Не знаю, кто как, а я нынче читаю эти строки со щемящим чувством в сердце, с сожалением о чем-то навсегда утраченном, чем люди дорожить не умели, и только придя «ко краю», заболели ностальгией по такому вот тихому, несуетному гоголевскому миру, не орущему о счастье своем, не доказывающему на кулаках преимущества тех или иных демократий, по миру, жившему надеждою и молитвою о братстве и достижении мировой гармонии с помощью труда, но не всесметающего оружия и злобы, помутивших человеческий разум.

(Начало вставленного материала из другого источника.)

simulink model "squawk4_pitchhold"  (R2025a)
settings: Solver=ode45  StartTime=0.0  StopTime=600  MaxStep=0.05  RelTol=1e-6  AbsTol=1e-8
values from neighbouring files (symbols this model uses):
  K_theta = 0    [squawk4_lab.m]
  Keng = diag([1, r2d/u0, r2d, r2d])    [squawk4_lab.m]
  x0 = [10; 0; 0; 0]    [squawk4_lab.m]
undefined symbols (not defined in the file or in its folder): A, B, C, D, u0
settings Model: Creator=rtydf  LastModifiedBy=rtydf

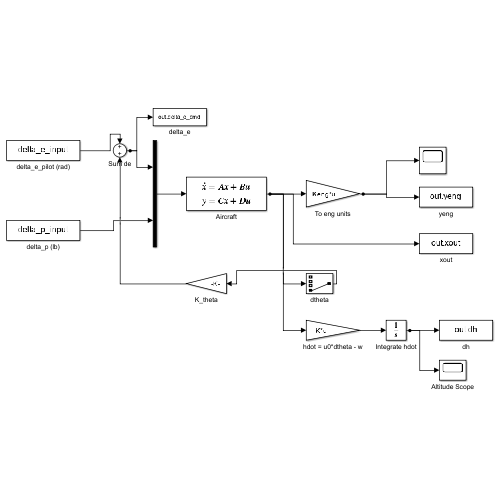
[thumbnail: Simulink's stored preview of the top-level diagram]
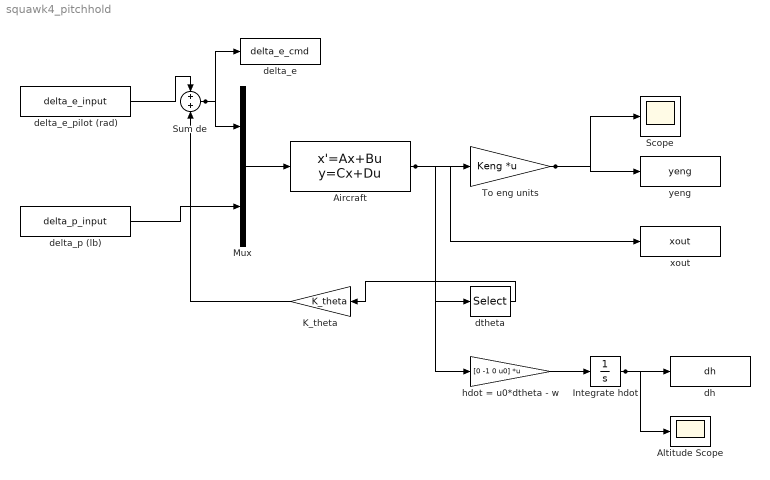
== system squawk4_pitchhold ==
  Aircraft : StateSpace  A=A  B=B  C=C  D=D  InitialCondition=x0
  Altitude Scope : Scope
  Integrate hdot : Integrator
  K_theta : Gain  Gain=K_theta
  Mux : Mux  Inputs=2
  Scope : Scope
  Sum de : Sum
  To eng units : Gain  Gain=Keng  Multiplication=Matrix(K*u)
  delta_e : ToWorkspace  VariableName=delta_e_cmd  SaveFormat=Timeseries  SampleTime=-1
  delta_e_pilot (rad) : FromWorkspace  VariableName=delta_e_input
  delta_p (lb) : FromWorkspace  VariableName=delta_p_input
  dh : ToWorkspace  VariableName=dh  SaveFormat=Timeseries  SampleTime=-1
  dtheta : Selector  InputPortWidth=4  IndexOptions=Index vector (dialog)  Indices=4  OutputSizes=1
  hdot = u0*dtheta - w : Gain  Gain=[0 -1 0 u0]  Multiplication=Matrix(K*u)
  xout : ToWorkspace  VariableName=xout  SaveFormat=Timeseries  SampleTime=-1
  yeng : ToWorkspace  VariableName=yeng  SaveFormat=Timeseries  SampleTime=-1
  wires:
  delta_e_pilot (rad)/1 -> Sum de/1
  Sum de/1 -> Mux/1, delta_e/1
  delta_p (lb)/1 -> Mux/2
  Mux/1 -> Aircraft/1
  Aircraft/1 -> To eng units/1, xout/1, dtheta/1, hdot = u0*dtheta - w/1
  dtheta/1 -> K_theta/1
  K_theta/1 -> Sum de/2
  hdot = u0*dtheta - w/1 -> Integrate hdot/1
  Integrate hdot/1 -> dh/1, Altitude Scope/1
  To eng units/1 -> Scope/1, yeng/1
simulink model "FAFA_Simulation"  (R2024b)
settings: Solver=FixedStepAuto  StartTime=0.0  StopTime=250  FixedStep=0.1  RelTol=1e-3
model workspace (MAT data in the model file):
  E = 0
  N = 0
  U = 70
  a_lat = [-2.8994 -3.7694 4.8979 0.9075 0.2017 1.1605 -2.4536 1.8506 -1.4522 0.9879 -4.2099 6.4665 ... (16 elements, 4x4)]
  a_lon = [-0.1636 0.8185 -0.1448 0.6823 -0.7164 -0.2899 -2.0395 -2.5415 0.3908 2.1971 -0.2446 -6.117 ... (16 elements, 4x4)]
  b_lat = [-2.6641  1.8404; -6.8743  1.3852; 17.3529  -0.0089; -11.8089  -3.3692]
  b_lon = [1.3105; 2.2437; -0.9608; -9.211]
  c_lat = [-0.6923 -1.1619 0.5476 -0.4273 0.0805 0.5751 0.4203 0.7792 -0.3221 1.1098 0.2079 0.2479 ... (16 elements, 4x4)]
  c_lon = [-5.1576 -0.0952 0.5331 3.6707 -28.9963 -0.3715 -3.4973 -0.1414 19.7487 -0.0997 -0.5832 -0.2256 ... (16 elements, 4x4)]
  d_lat = [0  0; 0  0; 0  0; 0  0]
  d_lon = [0; 0; 0; 0]
  psi0 = 0
  wind_E0 = 0
  wind_N0 = 0
  wind_heading = 100
  wind_noise = 0
  wind_turbulance_value0 = 1
  wind_value0 = 0
  x0_lat = [0; 0; 0; 0]
  x0_lon = [0; 0; 0; 0]
values from neighbouring files (symbols this model uses):
  velocity = zeros(num_waypoints, 3)    [training_engine.m]
  waypoints = all_waypoints    [training_engine.m]
undefined symbols (not defined in the file or in its folder): dspblkCoreblockFVToolHelper, F, gcbh, Light, MIL
libraries: simulink x8, slpidlib x5, aerolibwind2 x3, sharedtransform x2, rllib x1, uavutilslib x1
(part 3 of 3)

== matlab function FAFA_Simulation/OBSERVATION/Straight Line V4 ==
  data: waypoints_window input; velocity_window input; valid_flag input; loiter_flag input; uav_e input; global_path output size=[inf 3]; uav_n input; uav_u input; guidance_mode output; uav_phi input; uav_theta input; uav_psi input; debug_cte output; debug_curvature output
function [global_path, guidance_mode, debug_cte, debug_curvature] = guidance_function_hybrid_Straight_Line(waypoints_window, velocity_window, valid_flag, loiter_flag, uav_e, uav_n, uav_u, uav_phi, uav_theta, uav_psi)
% guidance_mode: 0=無效, 1=純B-spline, 2=SPSO+B-spline, 3=Loiter模式
%#codegen

%  Loiter 模式開關
ENABLE_LOITER = false;

persistent last_point_initialized last_point stored_global_path stored_path_length ...
           loiter_mode initialized theta_current center loiter_arc transition ...
           a1_mode_active

if isempty(last_point_initialized)
    last_point_initialized = false;
    last_point            = zeros(1,3);
    stored_global_path    = zeros(100000,3);
    stored_path_length    = 1;
    loiter_mode           = false;
    initialized = false;
    theta_current = 0;
    center = [0 0];
    loiter_arc = zeros(3,3);
    transition = false;
    a1_mode_active = false;
end

% 確保輸出在所有路徑都有明確的標量值
guidance_mode = 0;
debug_cte = 0;
debug_curvature = 0;

R = 100;
dtheta_deg = 1;
uav_position = [uav_e, uav_n, uav_u];

%% ==== Loiter 模式 ====
% 只有當 ENABLE_LOITER = true 時才會進入 Loiter 邏輯
if ENABLE_LOITER && loiter_flag && ~initialized
    if stored_path_length >= 2
        pos_prev = stored_global_path(stored_path_length-1, 1:2);
        pos_curr = stored_global_path(stored_path_length, 1:2);
        heading_vec = pos_curr - pos_prev;
        yaw = atan2(heading_vec(2), heading_vec(1));
    else
        yaw = 0;
    end

    dists = vecnorm(waypoints_window(:,1:2) - uav_position(1:2), 2, 2);
    [~, idx_nearest] = min(dists);
    P0 = waypoints_window(idx_nearest, 1:2);
    center = P0 + [cos(yaw), sin(yaw)] * R * 1.5;
    theta_current = atan2(uav_position(2) - center(2), ...
                           uav_position(1) - center(1));
    loiter_mode = true;
    initialized = true;
end

if ENABLE_LOITER && loiter_mode
    guidance_mode = 3;
    a1_mode_active = false;

    if loiter_flag
        dtheta = deg2rad(dtheta_deg);
        spacing = 1.0;
        arc_length = R * dtheta;
        num_points = max(3, ceil(arc_length / spacing));
        theta_list = theta_current - linspace(0, dtheta, num_points);
        x_list = center(1) + R * cos(theta_list);
        y_list = center(2) + R * sin(theta_list);
        z_list = repmat(uav_u, size(x_list));

        loiter_arc_raw = [x_list', y_list', z_list'];
        arc_diff = diff(loiter_arc_raw);
        arc_seg_length = sqrt(sum(arc_diff.^2, 2));
        cum_length = [0; cumsum(arc_seg_length)];
        total_length = cum_length(end);

        num_interp = max(2, ceil(total_length));
        query_dist = linspace(0, total_length, num_interp)';
        interp_x = interp1(cum_length, loiter_arc_raw(:,1), query_dist, 'linear');
        interp_y = interp1(cum_length, loiter_arc_raw(:,2), query_dist, 'linear');
        interp_z = interp1(cum_length, loiter_arc_raw(:,3), query_dist, 'linear');
        loiter_arc = [interp_x, interp_y, interp_z];
        theta_current = theta_list(end);

        if ~transition
            loiter_entry = loiter_arc(1,:);
            loiter_tangent = loiter_arc(2,1:2) - loiter_arc(1,1:2);
            loiter_tangent = loiter_tangent / (norm(loiter_tangent) + 1e-6);

            dists = vecnorm(waypoints_window(:,1:2) - uav_position(1:2), 2, 2);
            [~, idx_nearest] = min(dists);
            P0 = waypoints_window(idx_nearest, :);

            connect_tangent = loiter_entry(1:2) - P0(1:2);
            connect_tangent = connect_tangent / (norm(connect_tangent) + 1e-6);
            dist = norm(loiter_entry(1:2) - P0(1:2));

            P1 = P0(1:2) + 0.3 * dist * connect_tangent;
            P2 = loiter_entry(1:2) - 0.3 * dist * loiter_tangent;
            P3 = loiter_entry(1:2);

            t = linspace(0,1,ceil(dist));
            bezier_x = (1-t).^3 * P0(1) + 3*(1-t).^2 .* t * P1(1) + 3*(1-t).*t.^2 * P2(1) + t.^3 * P3(1);
            bezier_y = (1-t).^3 * P0(2) + 3*(1-t).^2 .* t * P1(2) + 3*(1-t).*t.^2 * P2(2) + t.^3 * P3(2);
            bezier_z = linspace(P0(3), loiter_entry(3), numel(t));
            transition_path = [bezier_x', bezier_y', bezier_z'];

            combined_path = [transition_path; loiter_arc(2:end,:)];
            global_path = combined_path;
            transition = true;
        else
            global_path = loiter_arc;
        end
        return;
    else
        % 退出 Loiter 的邏輯
        arc_exit_pt = loiter_arc(end, :);
        arc_tangent = loiter_arc(end,1:2) - loiter_arc(end-1,1:2);
        arc_tangent = arc_tangent / (norm(arc_tangent) + 1e-6);
        R_min = 55;
        dists = vecnorm(waypoints_window(:,1:2) - arc_exit_pt(1:2), 2, 2);
        [~, idx_nearest] = min(dists);
        lookahead_distance = 100;
        accum_dist = 0;
        idx_target = idx_nearest;

        while accum_dist < lookahead_distance && idx_target < size(waypoints_window,1)
            delta = norm(waypoints_window(idx_target+1,1:2) - waypoints_window(idx_target,1:2));
            accum_dist = accum_dist + delta;
            idx_target = idx_target + 1;
        end

        p_target = waypoints_window(idx_target, :);

        if idx_target < size(waypoints_window,1)
            next_vec = waypoints_window(idx_target+1,1:2) - waypoints_window(idx_target,1:2);
        else
            next_vec = waypoints_window(idx_target,1:2) - waypoints_window(idx_target-1,1:2);
        end

        target_tangent = next_vec / (norm(next_vec) + 1e-6);
        P0 = arc_exit_pt;
        P3 = p_target;
        total_dist = norm(P3(1:2) - P0(1:2));
        theta = acos(dot(arc_tangent, target_tangent));
        d_min = R_min * tan(theta/2);
        d = max(d_min, R_min);
        success = false;
        B = repmat(P0, ceil(total_dist), 1);

        while ~success && d <= total_dist
            P1 = P0 + [arc_tangent, 0] * 0.3 * d;
            P2 = P3 - [target_tangent, 0] * 0.1 * d;
            t = linspace(0,1,ceil(total_dist));
            B = (1 - t').^3 * P0 + 3*(1 - t').^2 .* t' * P1 + 3*(1 - t') .* t'.^2 * P2 + t'.^3 * P3;
            d1 = diff(B, 1, 1);
            d2 = diff(d1, 1, 1);
            cross_z = d1(1:end-1,1) .* d2(:,2) - d1(1:end-1,2) .* d2(:,1);
            curvature = abs(cross_z) ./ (vecnorm(d1(1:end-1,:),2,2).^3 + 1e-6);

            if all(1./(curvature + 1e-6) >= R_min)
                success = true;
            else
                d = d + 5;
            end
        end

        segment = B;
        stored_global_path(1:size(segment,1), :) = segment;
        stored_path_length = size(segment,1);
        loiter_mode = false;
        initialized = false;
        transition = false;
        global_path = segment;

        % 固定維度賦值
        if size(segment,1) >= 1
            last_point(1,1) = segment(end, 1);
            last_point(1,2) = segment(end, 2);
            last_point(1,3) = segment(end, 3);
        end
        return;
    end
end

%% ========== v8 混合規劃器 ==========
if valid_flag && ~loiter_mode

    N_WAYPOINTS = size(waypoints_window, 1);

    % 起點處理
    if ~last_point_initialized
        P_start_spline = [uav_e, uav_n, uav_u];
        last_point_initialized = true;
    else
        P_start_spline = last_point;
    end

    P_end = waypoints_window(end, :);

    % ====== 計算 UAV 到滑窗的真正 CTE（垂直投影距離） ======
    uav_cte = inf;
    if N_WAYPOINTS >= 2
        for i = 1:N_WAYPOINTS-1
            seg_s = waypoints_window(i, 1:2);
            seg_e = waypoints_window(i+1, 1:2);
            seg_v = seg_e - seg_s;
            seg_l = norm(seg_v);
            if seg_l < 1e-6, continue; end
            to_uav = uav_position(1:2) - seg_s;
            proj = max(0, min(1, dot(to_uav, seg_v) / (seg_l^2)));
            d = norm(uav_position(1:2) - (seg_s + proj * seg_v));
            if d < uav_cte, uav_cte = d; end
        end
    end

    % 點到點距離（用於 A-2 和 SPSO 判斷）
    dists_to_window = vecnorm(waypoints_window(:,1:2) - uav_position(1:2), 2, 2);
    [min_dist_to_window, ~] = min(dists_to_window);
    dist_start_to_window = norm(P_start_spline(1:2) - waypoints_window(1,1:2));

    % ====== 計算滑窗最大曲率 (Menger curvature) ======
    max_curvature = 0;
    if N_WAYPOINTS >= 3
        for i = 2:N_WAYPOINTS-1
            AB = waypoints_window(i,1:2) - waypoints_window(i-1,1:2);
            BC = waypoints_window(i+1,1:2) - waypoints_window(i,1:2);
            AC = waypoints_window(i+1,1:2) - waypoints_window(i-1,1:2);
            cross_z = abs(AB(1)*BC(2) - AB(2)*BC(1));
            denom = norm(AB) * norm(BC) * norm(AC);

            if denom > 1e-10
                kappa = 2 * cross_z / denom;
                if kappa > max_curvature
                    max_curvature = kappa;
                end
            end
        end
    end

    % ====== 計算滑窗平均朝向，並與 UAV 航向比較 ======
    % uav_psi 使用弧度；此處以滑窗各線段向量加總作為平均朝向
    window_avg_vec = [0, 0];
    heading_error = pi;

    if N_WAYPOINTS >= 2
        for i = 1:N_WAYPOINTS-1
            seg_vec_heading = waypoints_window(i+1, 1:2) - waypoints_window(i, 1:2);
            if norm(seg_vec_heading) > 1e-6
                window_avg_vec = window_avg_vec + seg_vec_heading;
            end
        end

        if norm(window_avg_vec) > 1e-6
            window_avg_heading = atan2(window_avg_vec(2), window_avg_vec(1));
            heading_error = atan2(sin(window_avg_heading - uav_psi), ...
                                  cos(window_avg_heading - uav_psi));
        end
    end

    CURVATURE_THRESHOLD = 0.005;   % 曲率門檻 (對應半徑 > 200m)

    % A-1 航向遲滯門檻：
    % 尚未進入 A-1 時，需小於 17 deg 才允許進入；
    % 已在 A-1 時，允許到 23 deg 才退出，避免在 20 deg 附近反覆切換。
    HEADING_ALIGNMENT_CENTER = deg2rad(20);
    HEADING_ALIGNMENT_RANGE  = deg2rad(3);
    HEADING_ENTER_THRESHOLD  = HEADING_ALIGNMENT_CENTER - HEADING_ALIGNMENT_RANGE;  % 17 deg
    HEADING_EXIT_THRESHOLD   = HEADING_ALIGNMENT_CENTER + HEADING_ALIGNMENT_RANGE;  % 23 deg

    CTE_THRESHOLD = 35;            % CTE 門檻 (m)，使用垂直投影距離
    DEVIATION_THRESHOLD = 100;

    % ====== Debug 輸出 ======
    debug_cte = uav_cte;
    debug_curvature = max_curvature;

    % ====== A-1 航向遲滯判斷 ======
    if a1_mode_active
        a1_heading_condition = abs(heading_error) <= HEADING_EXIT_THRESHOLD;
    else
        a1_heading_condition = abs(heading_error) <= HEADING_ENTER_THRESHOLD;
    end

    if max_curvature < CURVATURE_THRESHOLD && a1_heading_condition
        % ========== 模式A-1：低曲率 + 航向對齊 → 純 B-spline (從 UAV 位置出發) ==========
        guidance_mode = 1;
        a1_mode_active = true;
        N_CONTROL_POINTS = 6;
        indices = round(linspace(1, N_WAYPOINTS, N_CONTROL_POINTS));
        best_control_points = waypoints_window(indices, :);
        best_control_points(1, :) = uav_position;  % ★ 從自身位置開始

    elseif min_dist_to_window < DEVIATION_THRESHOLD && dist_start_to_window < DEVIATION_THRESHOLD
        % ========== 模式A-2：原始純 B-spline (從 last_point 出發) ==========
        guidance_mode = 1;
        a1_mode_active = false;
        N_CONTROL_POINTS = 6;
        indices = round(linspace(1, N_WAYPOINTS, N_CONTROL_POINTS));
        best_control_points = waypoints_window(indices, :);
        best_control_points(1, :) = P_start_spline;

    else
        % ========== 模式B：SPSO + B-spline ==========
        guidance_mode = 2;
        a1_mode_active = false;

        % SPSO 起點：強制為 UAV 當前位置
        P_start_SPSO = uav_position;

        % ====== 目標行駛方向（由速度滑窗估計，僅 SPSO 使用） ======
        v_tar_2d = [0, 0];
        if ~isempty(velocity_window)
            N_vel = size(velocity_window, 1);
            if N_vel >= 1
                K = min(3, N_vel);
                idx_start = N_vel - K + 1;
                v_seg = velocity_window(idx_start:N_vel, 1:2);
                v_mean = mean(v_seg, 1);
                if norm(v_mean) > 1e-3
                    v_tar_2d = v_mean;
                else
                    v_tar_2d = [0, 0];
                end
            end
        end

        % SPSO參數
        nParticles = 10;
        maxIter = 20;
        w = 0.4;
        c1 = 1.5;
        c2 = 1.5;

        N_CONTROL_POINTS = 5;
        N_OPTIMIZE = 3;

        max_segment_length = 50;
        min_segment_length = 5;
        max_climb_angle_rad = deg2rad(20);
        max_turn_angle_rad  = deg2rad(35);

        b1 = 0.6;
        b2 = 0.2;
        b3 = 0.1;
        b4 = 0.1;

        % 參考採樣
        sample_idx = round(linspace(1, N_WAYPOINTS, N_CONTROL_POINTS));
        control_waypoints = waypoints_window(sample_idx, :);

        % 初始化參考向量
        reference_vectors = control_waypoints - P_start_SPSO;
        rho_ref = vecnorm(reference_vectors, 2, 2);
        theta_ref = asin(reference_vectors(:,3) ./ (rho_ref + 1e-6));
        phi_ref = atan2(reference_vectors(:,2), reference_vectors(:,1));

        dim = N_OPTIMIZE * 3;
        particles = zeros(nParticles, dim);
        velocities = zeros(nParticles, dim);

        for i = 1:nParticles
            for j = 1:N_OPTIMIZE
                ref_idx = j + 1;
                idx = (j-1)*3 + 1;

                if i == 1
                    particles(1, idx)   = rho_ref(ref_idx);
                    particles(1, idx+1) = theta_ref(ref_idx);
                    particles(1, idx+2) = phi_ref(ref_idx);
                else
                    particles(i, idx)   = rho_ref(ref_idx) * (1 + randn() * 0.1);
                    particles(i, idx+1) = theta_ref(ref_idx) + randn() * deg2rad(2);
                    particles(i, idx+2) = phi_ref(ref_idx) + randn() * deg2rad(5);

Большого труда стоит вспомнить после отрывка из «Старосветских помещиков» и согласиться с тем, что Гоголь — разящий и беспощадный сатирик. Это умозаключение как бы уравнивает его с современниками, густо возле литературы обретающимися сатириками и юмористами, мелкотравчатыми острословами, выжимающими смех всеми дозволенными и недозволенными средствами из доверчивых читателей, слушателей и телезрителей. Большой, конечно, озорник Николай Васильевич, редкостный балагур, непостижимый выдумщик. Но ирония его и смех его повсюду горьки, однако не надменны. Смеясь, Гоголь страдает. Обличая порок, он прежде всего в себе его обличает, в чем и признавался не раз, страдал и плакал, мечтая приблизиться к «идеалу». И дано ему было не только приблизиться к великим художественным открытиям, но и мучительно постигать истину бытия, величие и расхристанность человеческой морали.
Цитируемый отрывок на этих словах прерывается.